Plaintiff further alleged that on March 1, 1901, the defendant J. J. Crawford entered into a lease or option contract with Storms to buy said property, that Crawford made certain improvements thereon which were of no benefit to plaintiff and which have been removed by Crawford, and that whatever rights Crawford acquired under such lease or option were acquired with full knowledge of plaintiff’s rights, and he knew that Storms had no right to same against plaintiff and knew of said illegal acts of Storms and never paid any part of the purchase price agreed upon in s-aid option until after the commencement of this suit, and after the pleading herein making said Crawford a party hereto.

Further, that on April 4, 1903, the said Depot Company filed a proceeding for the condemnation of said property making Storms and Crawford the sole .defendants; that before the s-ame came on for hearing plaintiff notified the Depot Company of his rights and asked it to- amend and make plaintiff a party thereto, which it refused to do. That plaintiff on July 27, 1903, obtained leave to intervene and filed a petition of intervention therein, setting up his ownership and that he had brought this suit and asked that the award for the damages *92 be paid either to him the plaintiff or held by the court to await the final outcome of the present suit. That Storms and Crawford objected to plaintiff’s intervening, and on July 28, 1903, the court revoked its order granting plaintiff leave to intervene, and plaintiff was no party thereto thereafter; and plaintiff alleged that said proceeding was illegal and void as to him.

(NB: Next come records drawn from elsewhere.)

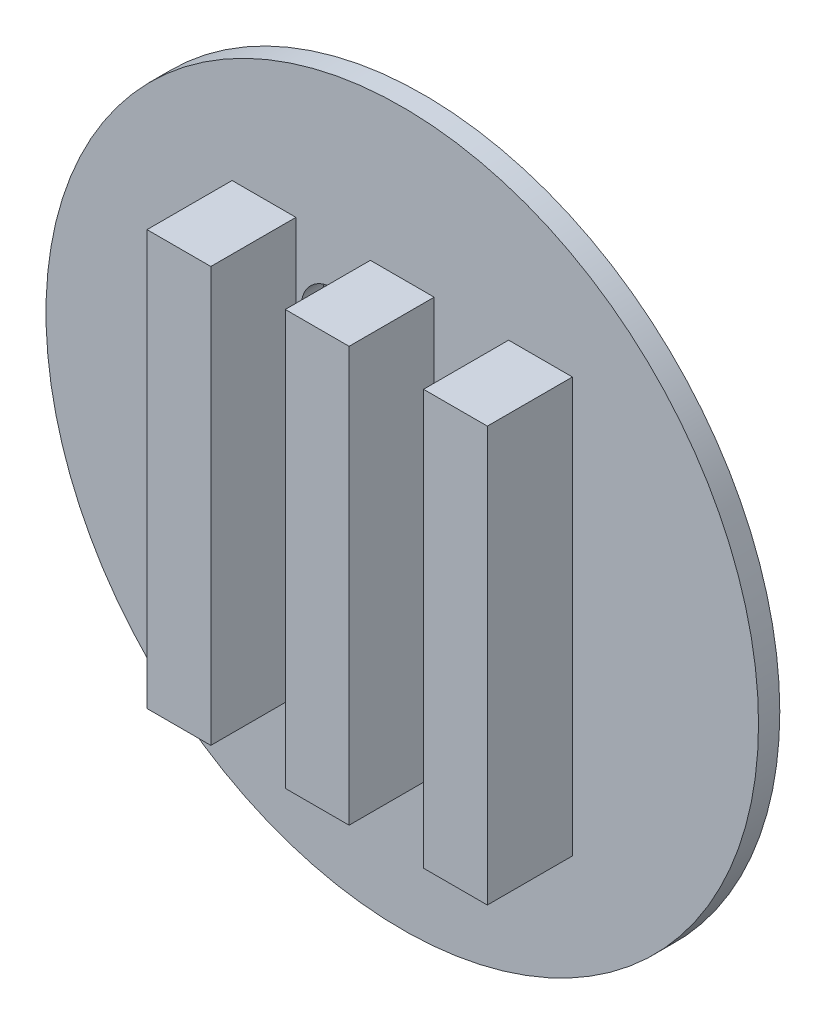
ISO-10303-21;
HEADER;
FILE_DESCRIPTION(('STEP AP214'),'2;1');
FILE_NAME('part.step','',(''),(''),'','','');
FILE_SCHEMA(('AUTOMOTIVE_DESIGN { 1 0 10303 214 1 1 1 1 }'));
ENDSEC;
DATA;
#1=APPLICATION_CONTEXT('core data for automotive mechanical design processes');
#2=APPLICATION_PROTOCOL_DEFINITION('international standard','automotive_design',2000,#1);
#3=PRODUCT_CONTEXT('',#1,'mechanical');
#4=PRODUCT('Part','Part','',(#3));
#5=PRODUCT_RELATED_PRODUCT_CATEGORY('part','',(#4));
#6=PRODUCT_DEFINITION_FORMATION('','',#4);
#7=PRODUCT_DEFINITION_CONTEXT('part definition',#1,'design');
#8=PRODUCT_DEFINITION('design','',#6,#7);
#9=PRODUCT_DEFINITION_SHAPE('','',#8);
#10=(LENGTH_UNIT() NAMED_UNIT(*) SI_UNIT(.MILLI.,.METRE.));
#11=(NAMED_UNIT(*) PLANE_ANGLE_UNIT() SI_UNIT($,.RADIAN.));
#12=(NAMED_UNIT(*) SI_UNIT($,.STERADIAN.) SOLID_ANGLE_UNIT());
#13=UNCERTAINTY_MEASURE_WITH_UNIT(LENGTH_MEASURE(1.E-05),#10,'distance_accuracy_value','');
#14=(GEOMETRIC_REPRESENTATION_CONTEXT(3) GLOBAL_UNCERTAINTY_ASSIGNED_CONTEXT((#13)) GLOBAL_UNIT_ASSIGNED_CONTEXT((#10,
#11,#12)) REPRESENTATION_CONTEXT('',''));
#15=CARTESIAN_POINT('',(0.,0.,0.));
#16=DIRECTION('',(0.,0.,1.));
#17=DIRECTION('',(1.,0.,0.));
#18=AXIS2_PLACEMENT_3D('',#15,#16,#17);
#19=CARTESIAN_POINT('',(0.,0.,1.));
#20=DIRECTION('',(0.,0.,1.));
#21=DIRECTION('',(1.,0.,0.));
#22=AXIS2_PLACEMENT_3D('',#19,#20,#21);
#23=PLANE('',#22);
#24=CARTESIAN_POINT('',(-3.25,6.25,1.));
#25=DIRECTION('',(0.,0.,1.));
#26=DIRECTION('',(1.,0.,0.));
#27=AXIS2_PLACEMENT_3D('',#24,#25,#26);
#28=CIRCLE('',#27,1.5);
#29=CARTESIAN_POINT('',(-1.75,6.25,1.));
#30=VERTEX_POINT('',#29);
#31=EDGE_CURVE('E212',#30,#30,#28,.F.);
#32=ORIENTED_EDGE('',*,*,#31,.T.);
#33=EDGE_LOOP('',(#32));
#34=FACE_BOUND('',#33,.T.);
#35=DIRECTION('',(0.,-1.,0.));
#36=VECTOR('',#35,1.);
#37=CARTESIAN_POINT('',(5.,9.75,1.));
#38=LINE('',#37,#36);
#39=CARTESIAN_POINT('',(5.,9.75,1.));
#40=VERTEX_POINT('',#39);
#41=CARTESIAN_POINT('',(5.,-9.75,1.));
#42=VERTEX_POINT('',#41);
#43=EDGE_CURVE('E329',#40,#42,#38,.T.);
#44=ORIENTED_EDGE('',*,*,#43,.F.);
#45=DIRECTION('',(-1.,0.,0.));
#46=VECTOR('',#45,1.);
#47=CARTESIAN_POINT('',(5.,9.75,1.));
#48=LINE('',#47,#46);
#49=CARTESIAN_POINT('',(8.,9.75,1.));
#50=VERTEX_POINT('',#49);
#51=EDGE_CURVE('E326',#50,#40,#48,.T.);
#52=ORIENTED_EDGE('',*,*,#51,.F.);
#53=DIRECTION('',(0.,1.,0.));
#54=VECTOR('',#53,1.);
#55=CARTESIAN_POINT('',(8.,9.75,1.));
#56=LINE('',#55,#54);
#57=CARTESIAN_POINT('',(8.,-9.75,1.));
#58=VERTEX_POINT('',#57);
#59=EDGE_CURVE('E334',#58,#50,#56,.T.);
#60=ORIENTED_EDGE('',*,*,#59,.F.);
#61=DIRECTION('',(1.,0.,0.));
#62=VECTOR('',#61,1.);
#63=CARTESIAN_POINT('',(5.,-9.75,1.));
#64=LINE('',#63,#62);
#65=EDGE_CURVE('E331',#42,#58,#64,.T.);
#66=ORIENTED_EDGE('',*,*,#65,.F.);
#67=EDGE_LOOP('',(#44,#52,#60,#66));
#68=FACE_BOUND('',#67,.T.);
#69=CARTESIAN_POINT('',(0.,0.,1.));
#70=DIRECTION('',(0.,0.,1.));
#71=DIRECTION('',(1.,0.,0.));
#72=AXIS2_PLACEMENT_3D('',#69,#70,#71);
#73=CIRCLE('',#72,16.75);
#74=CARTESIAN_POINT('',(16.75,0.,1.));
#75=VERTEX_POINT('',#74);
#76=EDGE_CURVE('E11',#75,#75,#73,.T.);
#77=ORIENTED_EDGE('',*,*,#76,.T.);
#78=EDGE_LOOP('',(#77));
#79=FACE_BOUND('',#78,.T.);
#80=DIRECTION('',(1.,0.,0.));
#81=VECTOR('',#80,1.);
#82=CARTESIAN_POINT('',(-1.5,-9.75,1.));
#83=LINE('',#82,#81);
#84=CARTESIAN_POINT('',(-1.5,-9.75,1.));
#85=VERTEX_POINT('',#84);
#86=CARTESIAN_POINT('',(1.5,-9.75,1.));
#87=VERTEX_POINT('',#86);
#88=EDGE_CURVE('E358',#85,#87,#83,.T.);
#89=ORIENTED_EDGE('',*,*,#88,.F.);
#90=DIRECTION('',(0.,-1.,0.));
#91=VECTOR('',#90,1.);
#92=CARTESIAN_POINT('',(-1.5,9.75,1.));
#93=LINE('',#92,#91);
#94=CARTESIAN_POINT('',(-1.5,9.75,1.));
#95=VERTEX_POINT('',#94);
#96=EDGE_CURVE('E355',#95,#85,#93,.T.);
#97=ORIENTED_EDGE('',*,*,#96,.F.);
#98=DIRECTION('',(-1.,0.,0.));
#99=VECTOR('',#98,1.);
#100=CARTESIAN_POINT('',(-1.5,9.75,1.));
#101=LINE('',#100,#99);
#102=CARTESIAN_POINT('',(1.5,9.75,1.));
#103=VERTEX_POINT('',#102);
#104=EDGE_CURVE('E363',#103,#95,#101,.T.);
#105=ORIENTED_EDGE('',*,*,#104,.F.);
#106=DIRECTION('',(0.,1.,0.));
#107=VECTOR('',#106,1.);
#108=CARTESIAN_POINT('',(1.5,9.75,1.));
#109=LINE('',#108,#107);
#110=EDGE_CURVE('E360',#87,#103,#109,.T.);
#111=ORIENTED_EDGE('',*,*,#110,.F.);
#112=EDGE_LOOP('',(#89,#97,#105,#111));
#113=FACE_BOUND('',#112,.T.);
#114=DIRECTION('',(0.,-1.,0.));
#115=VECTOR('',#114,1.);
#116=CARTESIAN_POINT('',(-8.,9.74999999999996,1.));
#117=LINE('',#116,#115);
#118=CARTESIAN_POINT('',(-8.,9.74999999999996,1.));
#119=VERTEX_POINT('',#118);
#120=CARTESIAN_POINT('',(-8.,-9.75000000000004,1.));
#121=VERTEX_POINT('',#120);
#122=EDGE_CURVE('E300',#119,#121,#117,.T.);
#123=ORIENTED_EDGE('',*,*,#122,.F.);
#124=DIRECTION('',(-1.,0.,0.));
#125=VECTOR('',#124,1.);
#126=CARTESIAN_POINT('',(-8.,9.74999999999996,1.));
#127=LINE('',#126,#125);
#128=CARTESIAN_POINT('',(-5.,9.74999999999996,1.));
#129=VERTEX_POINT('',#128);
#130=EDGE_CURVE('E291',#129,#119,#127,.T.);
#131=ORIENTED_EDGE('',*,*,#130,.F.);
#132=DIRECTION('',(0.,1.,0.));
#133=VECTOR('',#132,1.);
#134=CARTESIAN_POINT('',(-5.,9.74999999999996,1.));
#135=LINE('',#134,#133);
#136=CARTESIAN_POINT('',(-5.,-9.75000000000004,1.));
#137=VERTEX_POINT('',#136);
#138=EDGE_CURVE('E305',#137,#129,#135,.T.);
#139=ORIENTED_EDGE('',*,*,#138,.F.);
#140=DIRECTION('',(1.,0.,0.));
#141=VECTOR('',#140,1.);
#142=CARTESIAN_POINT('',(-8.,-9.75000000000004,1.));
#143=LINE('',#142,#141);
#144=EDGE_CURVE('E302',#121,#137,#143,.T.);
#145=ORIENTED_EDGE('',*,*,#144,.F.);
#146=EDGE_LOOP('',(#123,#131,#139,#145));
#147=FACE_BOUND('',#146,.T.);
#148=CARTESIAN_POINT('',(3.25,-6.26239385569364,1.));
#149=DIRECTION('',(0.,0.,1.));
#150=DIRECTION('',(1.,0.,0.));
#151=AXIS2_PLACEMENT_3D('',#148,#149,#150);
#152=CIRCLE('',#151,1.5);
#153=CARTESIAN_POINT('',(4.75,-6.26239385569364,1.));
#154=VERTEX_POINT('',#153);
#155=EDGE_CURVE('E395',#154,#154,#152,.F.);
#156=ORIENTED_EDGE('',*,*,#155,.T.);
#157=EDGE_LOOP('',(#156));
#158=FACE_BOUND('',#157,.T.);
#159=ADVANCED_FACE('F28',(#34,#68,#79,#113,#147,#158),#23,.T.);
#160=CARTESIAN_POINT('',(0.,0.,0.));
#161=DIRECTION('',(0.,0.,1.));
#162=DIRECTION('',(1.,0.,0.));
#163=AXIS2_PLACEMENT_3D('',#160,#161,#162);
#164=PLANE('',#163);
#165=CARTESIAN_POINT('',(-3.25,6.25,0.));
#166=DIRECTION('',(0.,0.,1.));
#167=DIRECTION('',(1.,0.,0.));
#168=AXIS2_PLACEMENT_3D('',#165,#166,#167);
#169=CIRCLE('',#168,1.5);
#170=CARTESIAN_POINT('',(-1.75,6.25,0.));
#171=VERTEX_POINT('',#170);
#172=EDGE_CURVE('E215',#171,#171,#169,.T.);
#173=ORIENTED_EDGE('',*,*,#172,.T.);
#174=EDGE_LOOP('',(#173));
#175=FACE_BOUND('',#174,.T.);
#176=DIRECTION('',(0.,1.,0.));
#177=VECTOR('',#176,1.);
#178=CARTESIAN_POINT('',(-5.5,-9.75000000000004,0.));
#179=LINE('',#178,#177);
#180=CARTESIAN_POINT('',(-5.5,-9.75000000000004,0.));
#181=VERTEX_POINT('',#180);
#182=CARTESIAN_POINT('',(-5.5,9.74999999999996,0.));
#183=VERTEX_POINT('',#182);
#184=EDGE_CURVE('E211',#181,#183,#179,.T.);
#185=ORIENTED_EDGE('',*,*,#184,.T.);
#186=DIRECTION('',(-1.,0.,0.));
#187=VECTOR('',#186,1.);
#188=CARTESIAN_POINT('',(-5.5,9.74999999999996,0.));
#189=LINE('',#188,#187);
#190=CARTESIAN_POINT('',(-7.5,9.74999999999996,0.));
#191=VERTEX_POINT('',#190);
#192=EDGE_CURVE('E193',#183,#191,#189,.T.);
#193=ORIENTED_EDGE('',*,*,#192,.T.);
#194=DIRECTION('',(0.,-1.,0.));
#195=VECTOR('',#194,1.);
#196=CARTESIAN_POINT('',(-7.5,9.74999999999996,0.));
#197=LINE('',#196,#195);
#198=CARTESIAN_POINT('',(-7.5,-9.75000000000004,0.));
#199=VERTEX_POINT('',#198);
#200=EDGE_CURVE('E204',#191,#199,#197,.T.);
#201=ORIENTED_EDGE('',*,*,#200,.T.);
#202=DIRECTION('',(1.,0.,0.));
#203=VECTOR('',#202,1.);
#204=CARTESIAN_POINT('',(-7.5,-9.75000000000004,0.));
#205=LINE('',#204,#203);
#206=EDGE_CURVE('E43',#199,#181,#205,.T.);
#207=ORIENTED_EDGE('',*,*,#206,.T.);
#208=EDGE_LOOP('',(#185,#193,#201,#207));
#209=FACE_BOUND('',#208,.T.);
#210=DIRECTION('',(0.,1.,0.));
#211=VECTOR('',#210,1.);
#212=CARTESIAN_POINT('',(1.,-9.75,0.));
#213=LINE('',#212,#211);
#214=CARTESIAN_POINT('',(1.,-9.75,0.));
#215=VERTEX_POINT('',#214);
#216=CARTESIAN_POINT('',(1.,9.75,0.));
#217=VERTEX_POINT('',#216);
#218=EDGE_CURVE('E241',#215,#217,#213,.T.);
#219=ORIENTED_EDGE('',*,*,#218,.T.);
#220=DIRECTION('',(-1.,0.,0.));
#221=VECTOR('',#220,1.);
#222=CARTESIAN_POINT('',(1.,9.75,0.));
#223=LINE('',#222,#221);
#224=CARTESIAN_POINT('',(-1.,9.75,0.));
#225=VERTEX_POINT('',#224);
#226=EDGE_CURVE('E231',#217,#225,#223,.T.);
#227=ORIENTED_EDGE('',*,*,#226,.T.);
#228=DIRECTION('',(0.,-1.,0.));
#229=VECTOR('',#228,1.);
#230=CARTESIAN_POINT('',(-1.,9.75,0.));
#231=LINE('',#230,#229);
#232=CARTESIAN_POINT('',(-1.,-9.75,0.));
#233=VERTEX_POINT('',#232);
#234=EDGE_CURVE('E237',#225,#233,#231,.T.);
#235=ORIENTED_EDGE('',*,*,#234,.T.);
#236=DIRECTION('',(1.,0.,0.));
#237=VECTOR('',#236,1.);
#238=CARTESIAN_POINT('',(-1.,-9.75,0.));
#239=LINE('',#238,#237);
#240=EDGE_CURVE('E51',#233,#215,#239,.T.);
#241=ORIENTED_EDGE('',*,*,#240,.T.);
#242=EDGE_LOOP('',(#219,#227,#235,#241));
#243=FACE_BOUND('',#242,.T.);
#244=DIRECTION('',(0.,1.,0.));
#245=VECTOR('',#244,1.);
#246=CARTESIAN_POINT('',(7.5,-9.75,0.));
#247=LINE('',#246,#245);
#248=CARTESIAN_POINT('',(7.5,-9.75,0.));
#249=VERTEX_POINT('',#248);
#250=CARTESIAN_POINT('',(7.5,9.75,0.));
#251=VERTEX_POINT('',#250);
#252=EDGE_CURVE('E273',#249,#251,#247,.T.);
#253=ORIENTED_EDGE('',*,*,#252,.T.);
#254=DIRECTION('',(-1.,0.,0.));
#255=VECTOR('',#254,1.);
#256=CARTESIAN_POINT('',(7.5,9.75,0.));
#257=LINE('',#256,#255);
#258=CARTESIAN_POINT('',(5.5,9.75,0.));
#259=VERTEX_POINT('',#258);
#260=EDGE_CURVE('E259',#251,#259,#257,.T.);
#261=ORIENTED_EDGE('',*,*,#260,.T.);
#262=DIRECTION('',(0.,-1.,0.));
#263=VECTOR('',#262,1.);
#264=CARTESIAN_POINT('',(5.5,9.75,0.));
#265=LINE('',#264,#263);
#266=CARTESIAN_POINT('',(5.5,-9.75,0.));
#267=VERTEX_POINT('',#266);
#268=EDGE_CURVE('E267',#259,#267,#265,.T.);
#269=ORIENTED_EDGE('',*,*,#268,.T.);
#270=DIRECTION('',(1.,0.,0.));
#271=VECTOR('',#270,1.);
#272=CARTESIAN_POINT('',(5.5,-9.75,0.));
#273=LINE('',#272,#271);
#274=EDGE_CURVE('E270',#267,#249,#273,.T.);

The prayer was for cancellation of the said four deeds' and the lease and option, etc., and the removal of cloud from plaintiff’s title caused thereby and by the award and judgment in the condemnation proceeding, and that he recover of defendants the title and possession of the property. That an accounting be had between plaintiff and Storms, etc. That in the event Crawford or the Depot Company are held to have acquired said property as against plaintiff as innocent purchasers, then that he have judgment against Storms and Mautz for the reasonable value thereof, to-wit: $9,000. And if it should be held that the award and judgment in the condemnation proceeding are valid and binding on plaintiff to the extent of fixing the damage to the owner of the property, then that plaintiff, as the rightful owner, have judgment against the Depot Company, D. Storms and J. J. Crawford for the amount of the said award and judgment, to-wit: $6,000 and that he have judgment against each and all of defendants for the reasonable rental value of the premises, during the time the same were collected, received and enjoyed by them respectively, etc.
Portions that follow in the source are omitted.